Etnográfica v.15 n.3 Lisboa jun. 2011

 

Kelly Silva

(Departamento de Antropologia da Universidade de Brasília)

 

Obra recenseada: José Mattoso, A Dignidade: Konis Santana e a Resistência Timorense, Lisboa, Temas e Debates, 2005, 323 páginas.

 

Eis-nos diante de uma obra fundadora da história e da sociologia da resistência leste-timorense à ocupação indonésia, desde suas configurações no interior do país. Mediante a recomposição e análise da trajetória de Konis Santana – guerrilheiro responsável pelo comando interno da luta entre, aproximadamente, abril de 1993 e março de 1998, quando veio a falecer – A Dignidade apresenta ao leitor diferentes fases, tensões, disputas, estratégias, valores, atores e grupos que estruturaram as dinâmicas da resistência em seus 24 anos de atuação. Autor consagrado na ­historiografia da Europa Medieval, José Mattoso elabora importantes insigths ao longo da obra, explorando, por exemplo, o fundamento simbólico da guerrilha no conjunto da ­resistência – apesar de sua fragilidade material e numérica – e as bases cosmológicas de suas estratégias de sobrevivência e reprodução. Escrita de maneira clara e elegante, a narrativa toca os sentimentos de quem dela se aproxima. É impossível passar ileso pela narração do “cerco das pernas” e do massacre de Lakluta, por exemplo. Ao mesmo tempo, a abordagem da perspicácia e inteligência das respostas das lideranças da luta às investidas javanesas impõe ao leitor um sentimento de respeito e admiração por sua capacidade de resiliência, tornando ainda mais inteligível o fato de o sofrimento figurar como importante mobilizador político entre as populações do país (cf. Kelly Silva, 2008, “Reciprocity, recognition and suffering: political mobilizers in independent East Timor”, Vibrant, 5 (2): 156-178; Elizabeth G. Traube, 2007, “Unpaid wages: local narratives and the imagination of the nation”, The Asia Pacific Journal of Anthropology, 8 (1): 9-5).

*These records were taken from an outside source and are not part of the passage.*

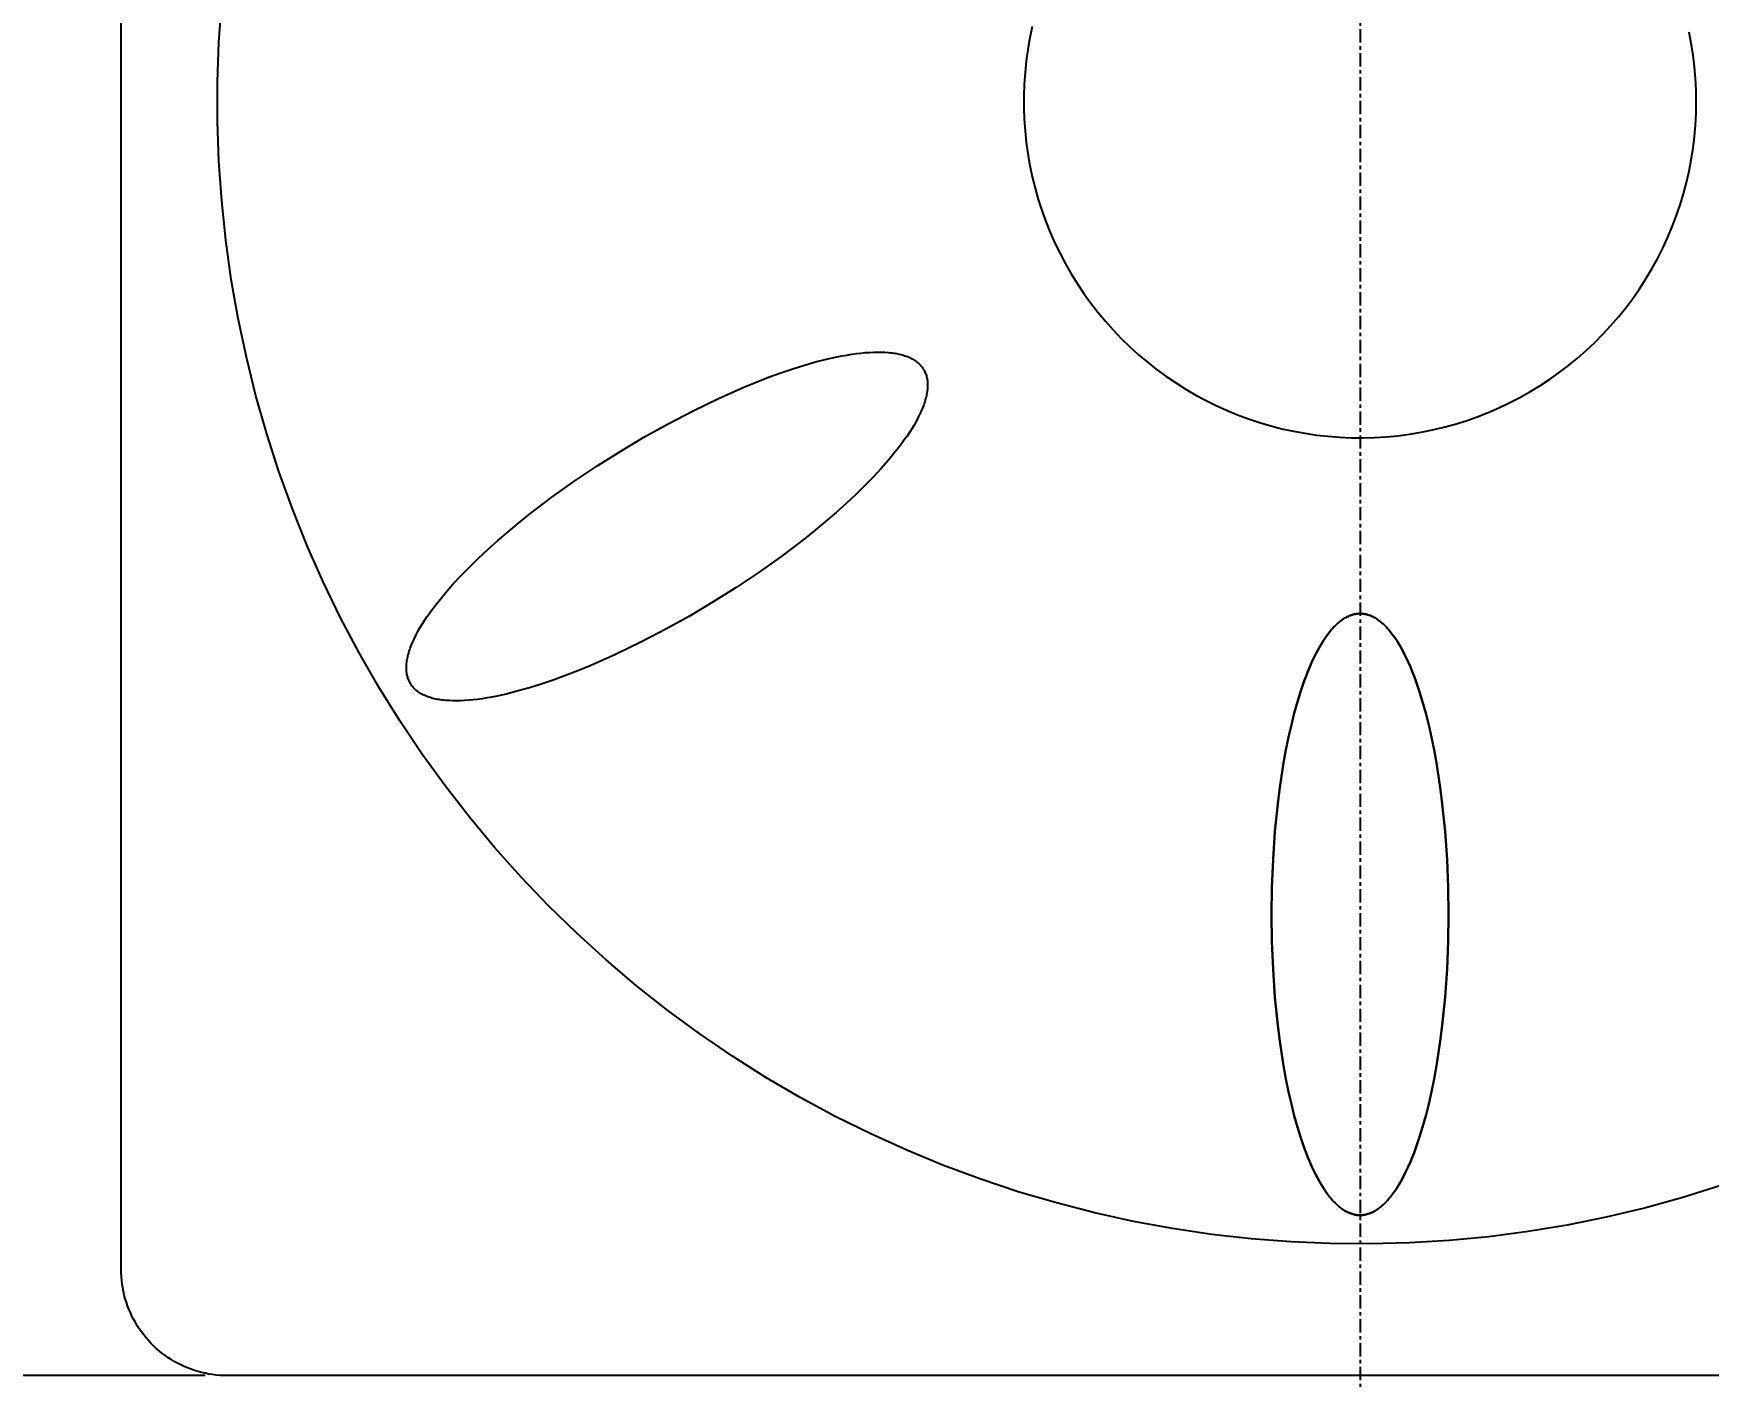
# Model space of a CAD drawing. Header units: millimetres. Extents: x 2219 to 3269, y 1238 to 2723.
# Drawn here: x 2896.67 to 2943.99, y 1645.8 to 1683.75 of the extents above; entities that cross this region are included whole.
import ezdxf

# ---------------------------------------------------------------- set-up
doc = ezdxf.new("R2010")
doc.units = ezdxf.units.MM
doc.linetypes.add('CENTER', pattern=[0.6, 0.375, -0.075, 0.075, -0.075])
for name, color, linetype in [('CEN2', 1, 'Continuous'), ('DIM2', 3, 'Continuous'), ('main', 7, 'Continuous')]:
    doc.layers.add(name, color=color, linetype=linetype)
doc.styles.get("Standard").update_dxf_attribs({"font": 'arial.ttf'})
doc.dimstyles.new('ISO-25', dxfattribs={"dimtxt": 2.5, "dimasz": 2.5, "dimexe": 1.25, "dimexo": 0.625, "dimtad": 1, "dimtxsty": 'Standard', "dimcen": 2.5, "dimadec": 0, "dimazin": 0, "dimtfac": 1, "dimtmove": 0, "dimatfit": 3, "dimfxl": 1, "dimarcsym": 0})

# ---------------------------------------------------------------- blocks, each defined once
blk = doc.blocks.new('*D37')
at = {"layer": 'Defpoints', "color": 0, "transparency": 16777216}
for p in [(2899.15, 1735.823), (2867.06, 1645.823), (2902.15, 1645.823)]:
    blk.add_point(p, dxfattribs=at)
at = {"layer": 'DIM2', "color": 0, "lineweight": -2, "transparency": 16777216}
for p, q in [((2898.525, 1735.823), (2865.81, 1735.823)), ((2867.06, 1723.823), (2867.06, 1657.823)), ((2901.525, 1645.823), (2865.81, 1645.823))]:
    blk.add_line(p, q, dxfattribs=at)
at = {"layer": 'DIM2', "color": 0, "transparency": 16777216}
for points in [[(2865.06, 1723.823), (2869.06, 1723.823), (2867.06, 1735.823)], [(2865.06, 1657.823), (2869.06, 1657.823), (2867.06, 1645.823)]]:
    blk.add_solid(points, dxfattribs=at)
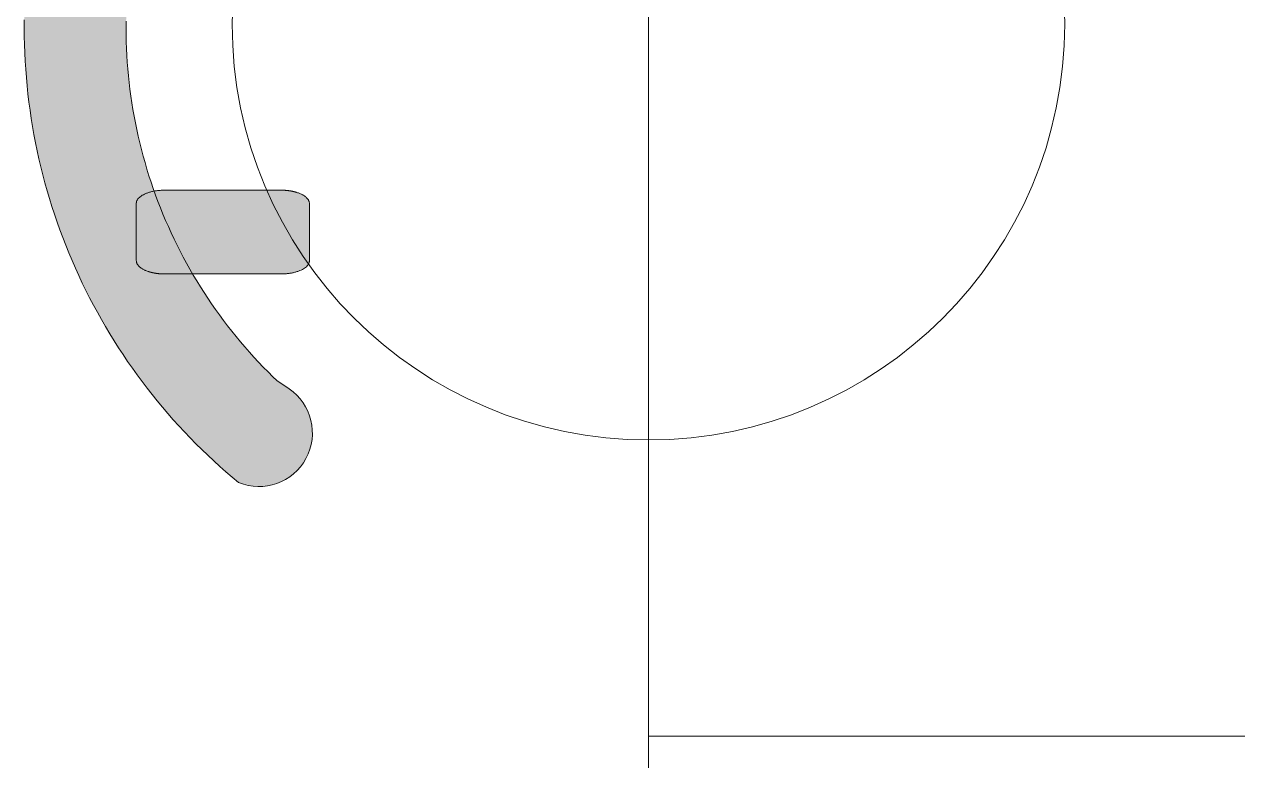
# Model space of a CAD drawing. Header units: metres. Extents: x 512 to 829, y -209 to 245.
# Drawn here: x 727.827 to 728.423, y -77.636 to -77.274 of the extents above; entities that cross this region are included whole.
import ezdxf

# ---------------------------------------------------------------- set-up
doc = ezdxf.new("R2010")
doc.units = ezdxf.units.M
doc.header["$LTSCALE"] = 0.508
doc.layers.add('None', color=7, linetype='Continuous', lineweight=5)

msp = doc.modelspace()

# ---------------------------------------------------------------- hatches: boundary and pattern name
at = {"layer": 'None', "linetype": 'Continuous', "lineweight": 0}
h = msp.add_hatch(color=253, dxfattribs=at)
edge = h.paths.add_edge_path()
edge.add_arc((727.9419054133961, -77.47534164447688), 0.02631001257013202, -28.282391944945175, 55.65827263727158, ccw=False)
edge.add_arc((727.9419085918869, -77.47533966042738), 0.02630815379662708, -112.23924688093479, -28.289477050022413, ccw=False)
edge.add_line((727.9319516158067, -77.49969079147968), (727.9288466158067, -77.49708979147968))
edge.add_line((727.9288466158067, -77.49708979147965), (727.9257776158067, -77.49444579147965))
edge.add_line((727.9257776158066, -77.49444579147973), (727.9227486158067, -77.49176079147973))
edge.add_line((727.9227486158067, -77.49176079147969), (727.9197626158067, -77.48903879147969))
edge.add_line((727.9197626158067, -77.48903879147963), (727.9168056158067, -77.48626879147963))
edge.add_line((727.9168056158067, -77.48626879147969), (727.9138886158066, -77.48345579147968))
edge.add_line((727.9138886158066, -77.48345579147974), (727.9110166158066, -77.48060879147974))
edge.add_line((727.9110166158067, -77.48060879147965), (727.9081796158067, -77.47771679147965))
edge.add_line((727.9081796158067, -77.47771679147968), (727.9053866158067, -77.47478779147968))
edge.add_line((727.9053866158067, -77.47478779147968), (727.9026386158067, -77.47182579147969))
edge.add_line((727.9026386158067, -77.47182579147966), (727.8999246158068, -77.46881679147965))
edge.add_line((727.8999246158066, -77.46881679147964), (727.8972526158067, -77.46576879147965))
edge.add_line((727.8972526158067, -77.46576879147972), (727.8946296158067, -77.46269279147972))
edge.add_line((727.8946296158067, -77.46269279147964), (727.8920476158067, -77.45957579147964))
edge.add_line((727.8920476158066, -77.45957579147966), (727.8895066158067, -77.45642079147967))
edge.add_line((727.8895066158067, -77.45642079147967), (727.8870096158067, -77.45322879147966))
edge.add_line((727.8870096158066, -77.45322879147966), (727.8845646158067, -77.45001179147967))
edge.add_line((727.8845646158067, -77.45001179147971), (727.8821586158067, -77.44675479147969))
edge.add_line((727.8821586158067, -77.44675479147963), (727.8797976158068, -77.44346079147964))
edge.add_line((727.8797976158066, -77.44346079147965), (727.8774826158067, -77.44013579147966))
edge.add_line((727.8774826158067, -77.44013579147975), (727.8752176158067, -77.43677979147975))
edge.add_line((727.8752176158067, -77.4367797914797), (727.8730006158067, -77.4333967914797))
edge.add_line((727.8730006158066, -77.43339679147971), (727.8708296158067, -77.42998079147972))
edge.add_line((727.8708296158067, -77.4299807914797), (727.8687086158067, -77.42653979147968))
edge.add_line((727.8687086158067, -77.42653979147974), (727.8666296158067, -77.42305679147975))
edge.add_line((727.8666296158067, -77.42305679147967), (727.8646056158067, -77.41955479147965))
edge.add_line((727.8646056158067, -77.41955479147964), (727.8626266158067, -77.41602079147964))
edge.add_line((727.8626266158067, -77.4160207914797), (727.8606976158067, -77.4124547914797))
edge.add_line((727.8606976158067, -77.41245479147972), (727.8588236158066, -77.40887479147972))
edge.add_line((727.8588236158067, -77.40887479147966), (727.8569986158068, -77.40526679147965))
edge.add_line((727.8569986158067, -77.40526679147968), (727.8552196158066, -77.40162479147969))
edge.add_line((727.8552196158066, -77.40162479147966), (727.8534936158067, -77.39795979147965))
edge.add_line((727.8534936158067, -77.3979597914797), (727.8518196158067, -77.39427579147971))
edge.add_line((727.8518196158067, -77.39427579147969), (727.8501996158067, -77.39056979147968))
edge.add_line((727.8501996158067, -77.39056979147972), (727.8486296158067, -77.38684179147972))
edge.add_line((727.8486296158067, -77.3868417914797), (727.8471076158066, -77.3830797914797))
edge.add_line((727.8471076158066, -77.38307979147964), (727.8456426158067, -77.37930479147963))
edge.add_line((727.8456426158067, -77.37930479147974), (727.8442316158067, -77.37551579147973))
edge.add_line((727.8442316158066, -77.37551579147964), (727.8428706158066, -77.37169879147964))
edge.add_line((727.8428706158066, -77.37169879147973), (727.8415636158066, -77.36786479147972))
edge.add_line((727.8415636158066, -77.36786479147963), (727.8403146158066, -77.36402179147964))
edge.add_line((727.8403146158066, -77.36402179147967), (727.8391136158066, -77.36015079147967))
edge.add_line((727.8391136158067, -77.36015079147967), (727.8379706158067, -77.35626679147967))
edge.add_line((727.8379706158066, -77.3562667914797), (727.8368806158066, -77.3523707914797))
edge.add_line((727.8368806158066, -77.35237079147964), (727.8358446158066, -77.34845179147963))
edge.add_line((727.8358446158066, -77.34845179147965), (727.8348656158066, -77.34453079147966))
edge.add_line((727.8348656158066, -77.34453079147966), (727.8339406158066, -77.34059179147964))
edge.add_line((727.8339406158067, -77.34059179147971), (727.8330686158067, -77.33663279147973))
edge.add_line((727.8330686158067, -77.3366327914797), (727.8322556158067, -77.33267379147969))
edge.add_line((727.8322556158067, -77.33267379147969), (727.8314956158067, -77.32869779147968))
edge.add_line((727.8314956158067, -77.32869779147973), (727.8307906158067, -77.32470379147973))
edge.add_line((727.8307906158067, -77.32470379147969), (727.8301436158067, -77.3207117914797))
edge.add_line((727.8301436158067, -77.32071179147965), (727.8295506158067, -77.31670479147965))
edge.add_line((727.8295506158066, -77.31670479147965), (727.8290156158066, -77.31269479147964))
edge.add_line((727.8290156158067, -77.31269479147966), (727.8285346158067, -77.30867079147967))
edge.add_line((727.8285346158067, -77.3086707914797), (727.8281116158067, -77.3046417914797))
edge.add_line((727.8281116158066, -77.30464179147964), (727.8277436158066, -77.30061279147964))
edge.add_line((727.8277436158066, -77.3006127914797), (727.8274336158066, -77.2965797914797))
edge.add_line((727.8274336158066, -77.29657979147964), (727.8271786158066, -77.29253479147962))
edge.add_line((727.8271786158067, -77.29253479147974), (727.8269816158067, -77.28848779147975))
edge.add_line((727.8269816158066, -77.28848779147972), (727.8268406158066, -77.28445379147972))
edge.add_line((727.8268406158066, -77.28445379147968), (727.8267546158066, -77.28040379147967))
edge.add_line((727.8267546158066, -77.28040379147967), (727.8267266158066, -77.27635279147968))
edge.add_line((727.8267266158067, -77.27635279147967), (727.8267546158067, -77.27230179147966))
edge.add_line((727.8267546158066, -77.27230179147966), (727.8268406158066, -77.26825279147965))
edge.add_line((727.8268406158066, -77.26825279147965), (727.8269816158066, -77.26421779147965))
edge.add_line((727.8269816158066, -77.26421779147972), (727.8271786158066, -77.26017079147974))
edge.add_line((727.8271786158067, -77.26017079147971), (727.8274336158067, -77.25612779147971))
edge.add_line((727.8274336158066, -77.25612779147968), (727.8277436158066, -77.25209279147968))
edge.add_line((727.8277436158066, -77.25209279147964), (727.8281116158066, -77.24806379147964))
edge.add_line((727.8281116158066, -77.2480637914797), (727.8285346158066, -77.24403779147968))
edge.add_line((727.8285346158067, -77.24403779147963), (727.8290146158067, -77.24001179147963))
edge.add_line((727.8290146158067, -77.24001179147967), (727.8295516158067, -77.23599779147968))
edge.add_line((727.8295516158066, -77.23599779147969), (727.8301426158066, -77.23200279147969))
edge.add_line((727.8301426158067, -77.23200279147966), (727.8307896158067, -77.22800579147967))
edge.add_line((727.8307896158067, -77.22800579147975), (727.8314956158067, -77.22400879147975))
edge.add_line((727.8314956158067, -77.22400879147972), (727.8322556158067, -77.22003179147973))
edge.add_line((727.8322556158067, -77.22003179147964), (727.8330696158067, -77.21607179147964))
edge.add_line((727.8330696158067, -77.21607179147964), (727.8339386158067, -77.21212279147964))
edge.add_line((727.8339386158067, -77.21212279147971), (727.8348646158066, -77.2081747914797))
edge.add_line((727.8348646158066, -77.20817479147968), (727.8358466158066, -77.20424579147968))
edge.add_line((727.8358466158066, -77.2042457914797), (727.8368806158066, -77.2003357914797))
edge.add_line((727.8368806158066, -77.20033579147969), (727.8379706158066, -77.19643979147969))
edge.add_line((727.8379706158066, -77.19643979147963), (727.8391136158066, -77.19255579147963))
edge.add_line((727.8391136158067, -77.19255579147966), (727.8403146158067, -77.18868479147966))
edge.add_line((727.8403146158066, -77.18868479147966), (727.8415636158066, -77.18484179147967))
edge.add_line((727.8415636158066, -77.1848417914797), (727.8428706158066, -77.18100779147969))
edge.add_line((727.8428706158066, -77.18100779147971), (727.8442296158066, -77.17719479147972))
edge.add_line((727.8442296158066, -77.17719479147968), (727.8456416158066, -77.17340179147968))
edge.add_line((727.8456416158067, -77.1734017914797), (727.8471096158067, -77.1696217914797))
edge.add_line((727.8471096158066, -77.1696217914797), (727.8486266158067, -77.1658727914797))
edge.add_line((727.8486266158067, -77.16587279147973), (727.8501946158067, -77.16214679147971))
edge.add_line((727.8501946158067, -77.1621467914797), (727.8518176158067, -77.15843479147969))
edge.add_line((727.8518176158067, -77.15843479147964), (727.8534916158067, -77.15475079147964))
edge.add_line((727.8534916158067, -77.15475079147973), (727.8552176158066, -77.15108579147972))
edge.add_line((727.8552176158066, -77.15108579147966), (727.8569976158067, -77.14744279147966))
edge.add_line((727.8569976158067, -77.14744279147965), (727.8588196158066, -77.14383879147965))
edge.add_line((727.8588196158066, -77.14383879147965), (727.8606996158067, -77.14024679147965))
edge.add_line((727.8606996158067, -77.14024679147974), (727.8626316158067, -77.13667879147974))
edge.add_line((727.8626316158067, -77.13667879147965), (727.8646056158067, -77.13315279147966))
edge.add_line((727.8646056158067, -77.13315279147969), (727.8666266158067, -77.12965679147969))
edge.add_line((727.8666266158067, -77.12965679147965), (727.8687046158067, -77.12617379147964))
edge.add_line((727.8687046158067, -77.12617379147969), (727.8708286158067, -77.12272679147969))
edge.add_line((727.8708286158067, -77.12272679147964), (727.8729996158066, -77.11931079147963))
edge.add_line((727.8729996158066, -77.11931079147973), (727.8752196158066, -77.11592279147975))
edge.add_line((727.8752196158067, -77.11592279147965), (727.8774856158067, -77.11256779147963))
edge.add_line((727.8774856158067, -77.1125677914797), (727.8797966158066, -77.1092487914797))
edge.add_line((727.8797966158066, -77.10924879147967), (727.8821536158066, -77.10595979147968))
edge.add_line((727.8821536158067, -77.10595979147968), (727.8845586158067, -77.10270279147969))
edge.add_line((727.8845586158067, -77.10270279147971), (727.8870066158066, -77.09948179147972))
edge.add_line((727.8870066158067, -77.09948179147966), (727.8895066158068, -77.09628579147966))
edge.add_line((727.8895066158067, -77.09628579147966), (727.8920436158066, -77.09313679147965))
edge.add_line((727.8920436158066, -77.09313679147965), (727.8946226158066, -77.09002279147964))
edge.add_line((727.8946226158067, -77.09002279147967), (727.8972526158067, -77.08693779147967))
edge.add_line((727.8972526158067, -77.08693779147973), (727.8999206158066, -77.08389479147972))
edge.add_line((727.8999206158066, -77.08389479147968), (727.9026316158066, -77.08088979147968))
edge.add_line((727.9026316158067, -77.08088979147965), (727.9053846158067, -77.07792179147965))
edge.add_line((727.9053846158067, -77.07792179147964), (727.9081786158067, -77.07499179147963))
edge.add_line((727.9081786158067, -77.07499179147965), (727.9110156158067, -77.07209979147964))
edge.add_line((727.9110156158067, -77.07209979147967), (727.9138876158067, -77.06925279147967))
edge.add_line((727.9138876158066, -77.0692527914797), (727.9168046158067, -77.0664397914797))
edge.add_line((727.9168046158067, -77.06643979147964), (727.9197616158067, -77.06366979147964))
edge.add_line((727.9197616158067, -77.0636697914797), (727.9227436158067, -77.0609507914797))
edge.add_line((727.9227436158067, -77.06095079147963), (727.9257756158066, -77.05826279147963))
edge.add_line((727.9257756158067, -77.0582627914797), (727.9288476158067, -77.05561679147971))
edge.add_line((727.9288476158067, -77.05561679147968), (727.9319456158067, -77.0530217914797))
edge.add_arc((727.9419029800317, -77.07737184060647), 0.02630729926821722, 28.28780275049968, 112.24092118049441, ccw=False)
edge.add_arc((727.9419027653316, -77.07737175484897), 0.02630744768850498, -55.66329737678899, 28.28741668451778, ccw=False)
edge.add_line((727.9567416158067, -77.09909479147973), (727.9507706158066, -77.10247679147972))
edge.add_line((727.9507706158067, -77.10247679147972), (727.9514846158067, -77.10246479147972))
edge.add_line((727.9514846158066, -77.10246479147963), (727.9512516158067, -77.10268279147965))
edge.add_line((727.9512516158067, -77.10268279147965), (727.9488436158067, -77.10500479147964))
edge.add_line((727.9488436158067, -77.1050047914797), (727.9464646158067, -77.1073637914797))
edge.add_line((727.9464646158067, -77.10736379147966), (727.9441196158067, -77.10975379147965))
edge.add_line((727.9441196158067, -77.10975379147965), (727.9418076158067, -77.11217779147964))
edge.add_line((727.9418076158066, -77.11217779147967), (727.9395246158066, -77.11463879147966))
edge.add_line((727.9395246158067, -77.1146387914797), (727.9372826158067, -77.11712379147971))
edge.add_line((727.9372826158067, -77.11712379147968), (727.9350776158067, -77.11963979147968))
edge.add_line((727.9350776158067, -77.1196397914797), (727.9329036158067, -77.1221897914797))
edge.add_line((727.9329036158067, -77.12218979147963), (727.9307676158068, -77.12476879147962))
edge.add_line((727.9307676158066, -77.12476879147971), (727.9286676158066, -77.12737479147971))
edge.add_line((727.9286676158067, -77.12737479147972), (727.9266036158067, -77.13001379147971))
edge.add_line((727.9266036158067, -77.13001379147966), (727.9245756158067, -77.13268179147965))
edge.add_line((727.9245756158067, -77.13268179147963), (727.9225876158067, -77.13537379147962))
edge.add_line((727.9225876158067, -77.13537379147965), (727.9206356158068, -77.13809779147965))
edge.add_line((727.9206356158066, -77.13809779147971), (727.9187216158066, -77.1408477914797))
edge.add_line((727.9187216158067, -77.1408477914797), (727.9168496158067, -77.14361879147971))
edge.add_line((727.9168496158067, -77.14361879147964), (727.9150116158066, -77.14642379147963))
edge.add_line((727.9150116158066, -77.14642379147972), (727.9132136158066, -77.14925279147971))
edge.add_line((727.9132136158066, -77.14925279147963), (727.9114596158066, -77.15209879147963))
edge.add_line((727.9114596158067, -77.15209879147972), (727.9097416158068, -77.15497879147972))
edge.add_line((727.9097416158066, -77.15497879147972), (727.9080656158067, -77.15787879147972))
edge.add_line((727.9080656158067, -77.15787879147967), (727.9064316158067, -77.16079679147968))
edge.add_line((727.9064316158067, -77.1607967914797), (727.9048356158067, -77.1637447914797))
edge.add_line((727.9048356158066, -77.16374479147964), (727.9032826158067, -77.16671179147963))
edge.add_line((727.9032826158067, -77.16671179147966), (727.9017726158066, -77.16969779147966))
edge.add_line((727.9017726158066, -77.16969779147973), (727.9002996158066, -77.17271379147974))
edge.add_line((727.9002996158067, -77.17271379147974), (727.8988716158067, -77.17574579147973))
edge.add_line((727.8988716158067, -77.1757457914797), (727.8974866158067, -77.1787937914797))
edge.add_line((727.8974866158067, -77.17879379147973), (727.8961456158066, -77.18185979147972))
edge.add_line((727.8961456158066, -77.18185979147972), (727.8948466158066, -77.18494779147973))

A narrativa é estruturada de modo a situar a trajetória de Konis Santana na resistência e para além dela. A biografia do guerrilheiro é então construída como representando a de todos os seus companheiros de luta entre 1975 e 1998 (p. 287) e tecida a partir de fundos documentais disponibilizados por Ramos Horta, Riak Leman, Tutola e Salabae – todos personagens importantes na resistência –, além de documentos do próprio Konis Santana, entregues ao autor por Xanana Gusmão (p. 20), e narrativas orais produzidas ao longo da pesquisa que deu origem ao livro. Trata-se de uma versão autorizada da história da resistência, construída a partir do protagonismo atribuído a Xanana Gusmão e à guerrilha por ele comandada (pp. 188-189). Nesse contexto, o autor lembra que o acesso aos documentos da resistência é reservado, sendo controlado pelo governo da República Democrática de Timor-Leste (p. 23).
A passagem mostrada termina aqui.